[Items from a dataset]

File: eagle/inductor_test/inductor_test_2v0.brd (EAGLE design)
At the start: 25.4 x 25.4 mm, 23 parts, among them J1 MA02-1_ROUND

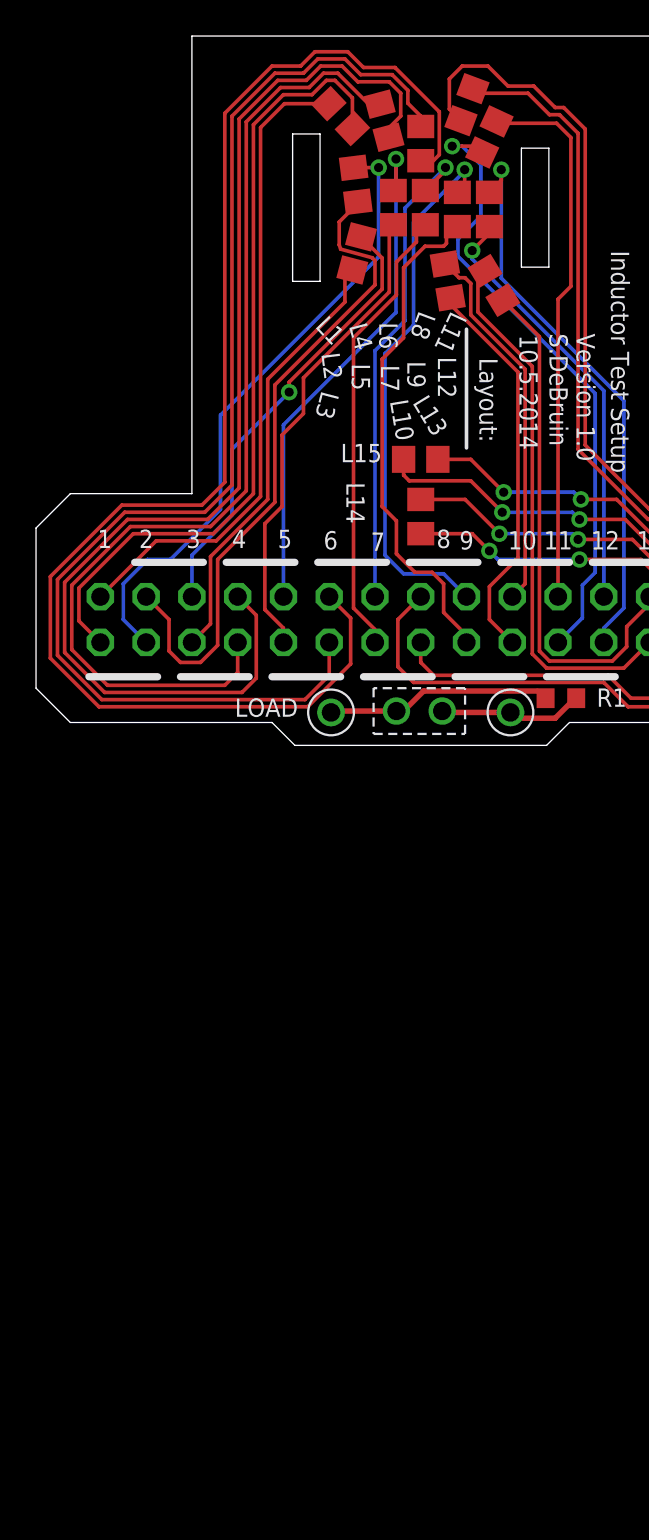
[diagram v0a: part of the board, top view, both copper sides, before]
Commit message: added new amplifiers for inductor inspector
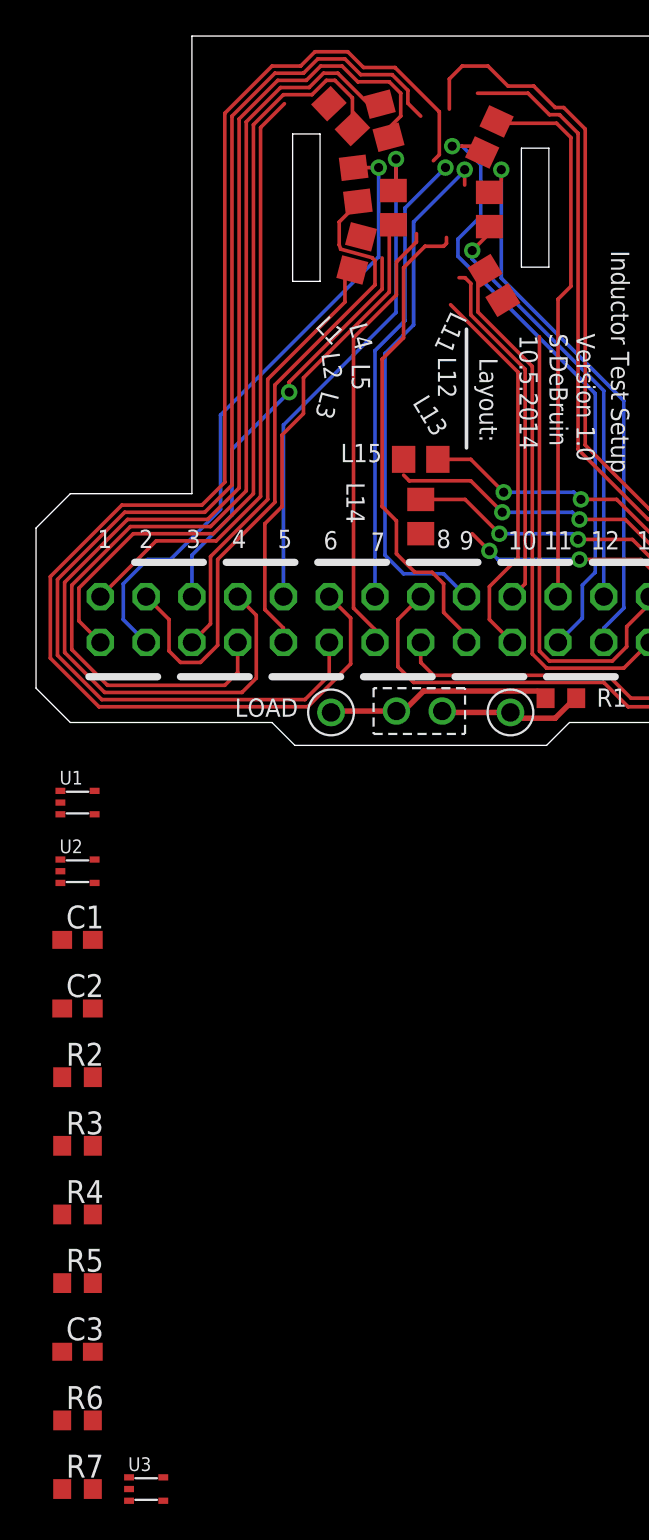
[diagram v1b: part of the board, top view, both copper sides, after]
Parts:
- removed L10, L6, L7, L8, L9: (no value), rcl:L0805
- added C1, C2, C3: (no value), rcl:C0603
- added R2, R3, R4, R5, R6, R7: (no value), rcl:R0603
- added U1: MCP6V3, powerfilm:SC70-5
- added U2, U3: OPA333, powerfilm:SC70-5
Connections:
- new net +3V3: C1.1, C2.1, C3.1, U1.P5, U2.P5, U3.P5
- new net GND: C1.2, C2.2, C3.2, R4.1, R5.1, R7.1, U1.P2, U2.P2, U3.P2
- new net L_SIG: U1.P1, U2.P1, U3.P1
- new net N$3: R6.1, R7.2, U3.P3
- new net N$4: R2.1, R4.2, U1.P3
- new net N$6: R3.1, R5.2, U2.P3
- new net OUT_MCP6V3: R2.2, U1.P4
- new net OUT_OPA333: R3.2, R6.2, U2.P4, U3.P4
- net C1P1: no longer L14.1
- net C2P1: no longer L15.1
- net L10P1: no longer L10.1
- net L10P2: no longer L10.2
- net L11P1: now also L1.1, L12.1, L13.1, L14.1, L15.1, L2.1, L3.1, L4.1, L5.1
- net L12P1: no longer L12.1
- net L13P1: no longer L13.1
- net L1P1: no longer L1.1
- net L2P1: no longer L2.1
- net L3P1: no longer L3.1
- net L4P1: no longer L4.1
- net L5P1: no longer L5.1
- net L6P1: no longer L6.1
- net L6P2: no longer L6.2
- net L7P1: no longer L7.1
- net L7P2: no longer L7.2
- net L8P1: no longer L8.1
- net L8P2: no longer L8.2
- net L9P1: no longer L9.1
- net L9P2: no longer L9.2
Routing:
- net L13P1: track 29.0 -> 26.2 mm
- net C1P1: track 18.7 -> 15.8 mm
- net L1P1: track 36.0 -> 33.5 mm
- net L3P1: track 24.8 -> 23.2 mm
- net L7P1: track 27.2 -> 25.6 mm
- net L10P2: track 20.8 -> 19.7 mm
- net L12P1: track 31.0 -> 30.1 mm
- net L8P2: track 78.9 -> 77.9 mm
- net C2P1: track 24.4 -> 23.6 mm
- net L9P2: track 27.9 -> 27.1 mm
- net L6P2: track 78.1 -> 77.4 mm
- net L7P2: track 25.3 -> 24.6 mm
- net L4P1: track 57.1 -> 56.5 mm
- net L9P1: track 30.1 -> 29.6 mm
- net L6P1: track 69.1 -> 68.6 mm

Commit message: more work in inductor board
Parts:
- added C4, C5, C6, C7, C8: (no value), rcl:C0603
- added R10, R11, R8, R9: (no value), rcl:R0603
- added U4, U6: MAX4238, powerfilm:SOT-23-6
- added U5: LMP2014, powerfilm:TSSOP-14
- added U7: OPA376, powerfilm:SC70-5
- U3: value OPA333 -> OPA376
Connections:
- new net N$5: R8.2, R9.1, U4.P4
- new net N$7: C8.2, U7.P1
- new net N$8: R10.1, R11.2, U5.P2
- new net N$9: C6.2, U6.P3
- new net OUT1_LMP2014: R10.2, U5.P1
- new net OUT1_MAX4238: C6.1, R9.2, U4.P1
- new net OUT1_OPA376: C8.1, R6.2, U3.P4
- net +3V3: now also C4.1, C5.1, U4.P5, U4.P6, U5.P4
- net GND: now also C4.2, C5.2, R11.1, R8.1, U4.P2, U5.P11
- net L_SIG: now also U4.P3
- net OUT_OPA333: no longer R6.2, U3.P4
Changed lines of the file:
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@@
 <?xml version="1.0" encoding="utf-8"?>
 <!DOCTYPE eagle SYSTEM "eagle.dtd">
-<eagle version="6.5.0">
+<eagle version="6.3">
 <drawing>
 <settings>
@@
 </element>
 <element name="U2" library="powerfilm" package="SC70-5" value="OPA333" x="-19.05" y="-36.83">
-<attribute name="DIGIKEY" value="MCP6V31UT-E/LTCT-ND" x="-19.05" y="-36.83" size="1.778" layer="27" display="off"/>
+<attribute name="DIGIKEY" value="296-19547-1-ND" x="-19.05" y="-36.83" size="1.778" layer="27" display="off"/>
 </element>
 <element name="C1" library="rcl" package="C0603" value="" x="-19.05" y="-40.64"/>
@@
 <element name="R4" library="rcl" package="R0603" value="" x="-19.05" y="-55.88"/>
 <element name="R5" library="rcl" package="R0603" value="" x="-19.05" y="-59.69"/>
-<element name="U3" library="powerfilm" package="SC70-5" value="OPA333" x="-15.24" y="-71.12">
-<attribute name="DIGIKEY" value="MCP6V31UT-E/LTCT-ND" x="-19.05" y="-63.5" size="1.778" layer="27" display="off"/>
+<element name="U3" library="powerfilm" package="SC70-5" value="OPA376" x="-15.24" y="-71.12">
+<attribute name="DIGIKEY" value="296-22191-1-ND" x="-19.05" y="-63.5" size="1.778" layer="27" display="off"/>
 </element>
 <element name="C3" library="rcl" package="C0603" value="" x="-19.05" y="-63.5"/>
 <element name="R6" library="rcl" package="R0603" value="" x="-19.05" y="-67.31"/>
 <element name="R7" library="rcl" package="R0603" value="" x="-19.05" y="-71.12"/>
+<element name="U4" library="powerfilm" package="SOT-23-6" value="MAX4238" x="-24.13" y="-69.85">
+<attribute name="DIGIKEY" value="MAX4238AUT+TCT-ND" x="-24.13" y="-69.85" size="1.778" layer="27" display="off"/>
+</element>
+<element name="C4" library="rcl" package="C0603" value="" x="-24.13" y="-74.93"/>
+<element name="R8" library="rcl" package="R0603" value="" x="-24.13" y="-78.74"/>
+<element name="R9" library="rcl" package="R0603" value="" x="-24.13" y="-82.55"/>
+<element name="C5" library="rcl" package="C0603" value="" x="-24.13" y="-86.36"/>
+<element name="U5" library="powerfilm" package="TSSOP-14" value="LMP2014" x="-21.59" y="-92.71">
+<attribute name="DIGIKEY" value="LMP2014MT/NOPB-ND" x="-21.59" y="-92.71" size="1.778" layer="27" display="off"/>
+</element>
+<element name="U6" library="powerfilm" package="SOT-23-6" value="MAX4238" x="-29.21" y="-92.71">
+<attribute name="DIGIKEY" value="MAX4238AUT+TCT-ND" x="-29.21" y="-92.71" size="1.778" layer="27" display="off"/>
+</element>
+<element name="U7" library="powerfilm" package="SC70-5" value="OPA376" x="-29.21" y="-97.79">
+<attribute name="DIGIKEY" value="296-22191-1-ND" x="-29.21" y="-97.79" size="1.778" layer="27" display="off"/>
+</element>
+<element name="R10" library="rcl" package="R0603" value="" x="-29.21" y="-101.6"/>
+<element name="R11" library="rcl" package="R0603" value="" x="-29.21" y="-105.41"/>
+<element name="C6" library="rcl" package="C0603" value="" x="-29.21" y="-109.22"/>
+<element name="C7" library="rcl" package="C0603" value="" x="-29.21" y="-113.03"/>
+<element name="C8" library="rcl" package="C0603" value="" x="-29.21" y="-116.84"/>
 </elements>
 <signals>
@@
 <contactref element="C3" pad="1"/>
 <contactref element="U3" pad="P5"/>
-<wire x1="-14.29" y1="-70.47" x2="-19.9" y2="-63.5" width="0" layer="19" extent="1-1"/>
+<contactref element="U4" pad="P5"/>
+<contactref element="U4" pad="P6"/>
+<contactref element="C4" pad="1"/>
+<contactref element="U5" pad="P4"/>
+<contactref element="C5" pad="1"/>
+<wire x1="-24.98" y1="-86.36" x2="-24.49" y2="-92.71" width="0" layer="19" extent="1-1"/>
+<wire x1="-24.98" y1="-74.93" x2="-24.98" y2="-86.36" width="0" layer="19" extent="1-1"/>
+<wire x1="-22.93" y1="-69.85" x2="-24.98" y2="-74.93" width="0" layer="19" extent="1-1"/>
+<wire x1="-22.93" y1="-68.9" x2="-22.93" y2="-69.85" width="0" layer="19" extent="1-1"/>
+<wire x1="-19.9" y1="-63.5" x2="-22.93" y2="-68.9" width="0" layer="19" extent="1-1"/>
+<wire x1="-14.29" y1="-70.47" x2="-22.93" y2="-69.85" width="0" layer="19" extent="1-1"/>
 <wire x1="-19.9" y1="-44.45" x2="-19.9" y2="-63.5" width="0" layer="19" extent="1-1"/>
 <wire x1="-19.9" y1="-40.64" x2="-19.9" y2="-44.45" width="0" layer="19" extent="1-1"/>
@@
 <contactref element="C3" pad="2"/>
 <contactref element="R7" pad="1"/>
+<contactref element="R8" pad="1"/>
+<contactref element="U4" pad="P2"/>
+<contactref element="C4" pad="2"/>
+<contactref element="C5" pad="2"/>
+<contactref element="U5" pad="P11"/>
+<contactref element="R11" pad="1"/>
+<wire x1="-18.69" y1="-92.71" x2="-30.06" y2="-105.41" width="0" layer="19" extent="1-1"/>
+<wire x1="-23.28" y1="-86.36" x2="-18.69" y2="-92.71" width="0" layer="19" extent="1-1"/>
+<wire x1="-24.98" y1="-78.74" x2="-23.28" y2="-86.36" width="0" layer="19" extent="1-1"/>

▶ [Exercise instructions]: Return only the stretch above from the line containing "At the start: 25.4" through the line containing "Commit message: added", word for word and without pictures.

▶ [Answer to this problem]:
At the start: 25.4 x 25.4 mm, 23 parts, among them J1 MA02-1_ROUND

[diagram v0a: part of the board, top view, both copper sides, before]
Commit message: added new amplifiers for inductor inspector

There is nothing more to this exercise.